◆ **DIRECTIONS FOR THIS TASK**
Report each line of the material below where the word "settings" can be found.

◆ ◆ ◆ ◆ ◆ ◆ ◆

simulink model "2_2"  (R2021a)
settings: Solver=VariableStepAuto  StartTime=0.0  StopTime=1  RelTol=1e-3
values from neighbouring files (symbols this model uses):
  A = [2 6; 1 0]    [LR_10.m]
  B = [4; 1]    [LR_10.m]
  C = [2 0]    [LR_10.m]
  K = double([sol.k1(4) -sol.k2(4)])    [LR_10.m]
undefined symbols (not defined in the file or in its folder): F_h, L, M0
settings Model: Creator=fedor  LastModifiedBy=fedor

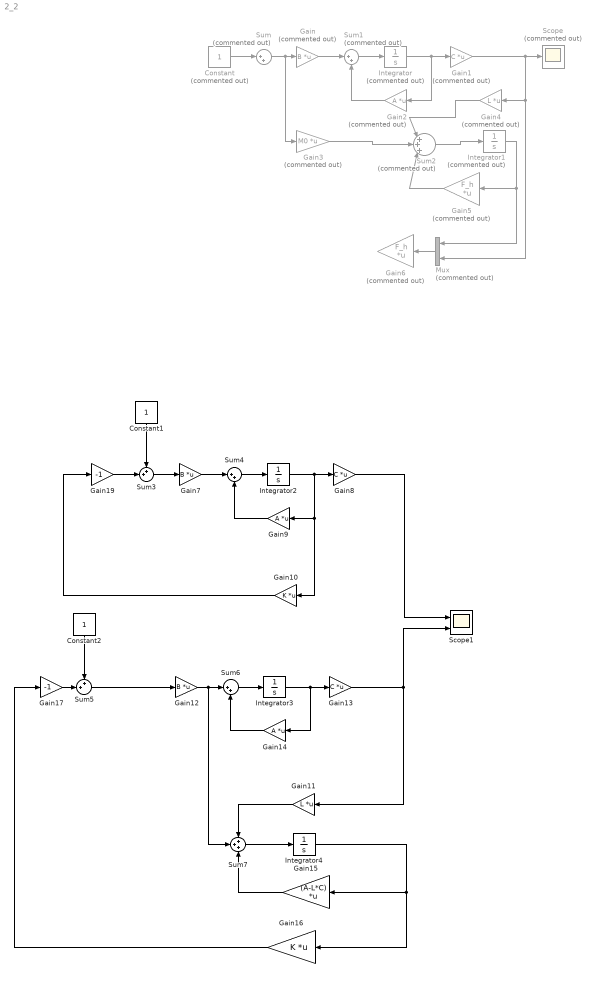
== system 2_2 ==
  Constant : Constant  Commented=on
  Constant1 : Constant
  Constant2 : Constant
  Gain : Gain  Commented=on  Gain=B  Multiplication=Matrix(K*u)
  Gain1 : Gain  Commented=on  Gain=C  Multiplication=Matrix(K*u)
  Gain10 : Gain  Gain=K  Multiplication=Matrix(K*u)
  Gain11 : Gain  Gain=L  Multiplication=Matrix(K*u)
  Gain12 : Gain  Gain=B  Multiplication=Matrix(K*u)
  Gain13 : Gain  Gain=C  Multiplication=Matrix(K*u)
  Gain14 : Gain  Gain=A  Multiplication=Matrix(K*u)
  Gain15 : Gain  Gain=(A-L*C)  Multiplication=Matrix(K*u)
  Gain16 : Gain  Gain=K  Multiplication=Matrix(K*u)
  Gain17 : Gain  Gain=-1
  Gain19 : Gain  Gain=-1
  Gain2 : Gain  Commented=on  Gain=A  Multiplication=Matrix(K*u)
  Gain3 : Gain  Commented=on  Gain=M0  Multiplication=Matrix(K*u)
  Gain4 : Gain  Commented=on  Gain=L  Multiplication=Matrix(K*u)
  Gain5 : Gain  Commented=on  Gain=F_h  Multiplication=Matrix(K*u)
  Gain6 : Gain  Commented=on  Gain=F_h  Multiplication=Matrix(K*u)
  Gain7 : Gain  Gain=B  Multiplication=Matrix(K*u)
  Gain8 : Gain  Gain=C  Multiplication=Matrix(K*u)
  Gain9 : Gain  Gain=A  Multiplication=Matrix(K*u)
  Integrator : Integrator  Commented=on
  Integrator1 : Integrator  Commented=on
  Integrator2 : Integrator
  Integrator3 : Integrator
  Integrator4 : Integrator
  Mux : Mux  Commented=on  Inputs=2
  Scope : Scope  Commented=on
  Scope1 : Scope  NumInputPorts=2
  Sum : Sum  Commented=on  Inputs=|++
  Sum1 : Sum  Commented=on  Inputs=|++
  Sum2 : Sum  Commented=on  Inputs=|+++|
  Sum3 : Sum  Inputs=++|
  Sum4 : Sum  Inputs=|++
  Sum5 : Sum  Inputs=++|
  Sum6 : Sum  Inputs=|++
  Sum7 : Sum  Inputs=+++
  wires:
  Constant/1 -> Sum/1
  Sum/1 -> Gain3/1, Gain/1
  Gain/1 -> Sum1/1
  Sum1/1 -> Integrator/1
  Integrator/1 -> Gain2/1, Gain1/1
  Gain2/1 -> Sum1/2
  Gain3/1 -> Sum2/2
  Gain4/1 -> Sum2/1
  Gain1/1 -> Gain4/1, Mux/2, Scope/1
  Sum2/1 -> Integrator1/1
  Gain5/1 -> Sum2/3
  Integrator1/1 -> Mux/1, Gain5/1
  Mux/1 -> Gain6/1
  Gain9/1 -> Sum4/2
  Integrator2/1 -> Gain10/1, Gain9/1, Gain8/1
  Gain7/1 -> Sum4/1
  Gain8/1 -> Scope1/1
  Sum4/1 -> Integrator2/1
  Sum3/1 -> Gain7/1
  Gain10/1 -> Gain19/1
  Constant1/1 -> Sum3/1
  Sum6/1 -> Integrator3/1
  Integrator3/1 -> Gain14/1, Gain13/1
  Gain12/1 -> Sum7/2, Sum6/1
  Gain14/1 -> Sum6/2
  Sum5/1 -> Gain12/1
  Constant2/1 -> Sum5/1
  Gain11/1 -> Sum7/1
  Sum7/1 -> Integrator4/1
  Integrator4/1 -> Gain15/1, Gain16/1
  Gain16/1 -> Gain17/1
  Gain17/1 -> Sum5/2
  Gain19/1 -> Sum3/2
  Gain13/1 -> Scope1/2, Gain11/1
  Gain15/1 -> Sum7/3

◆ ◆ ◆ ◆ ◆ ◆ ◆

◆ **EXERCISE RESULT**
settings: Solver=VariableStepAuto  StartTime=0.0  StopTime=1  RelTol=1e-3
settings Model: Creator=fedor  LastModifiedBy=fedor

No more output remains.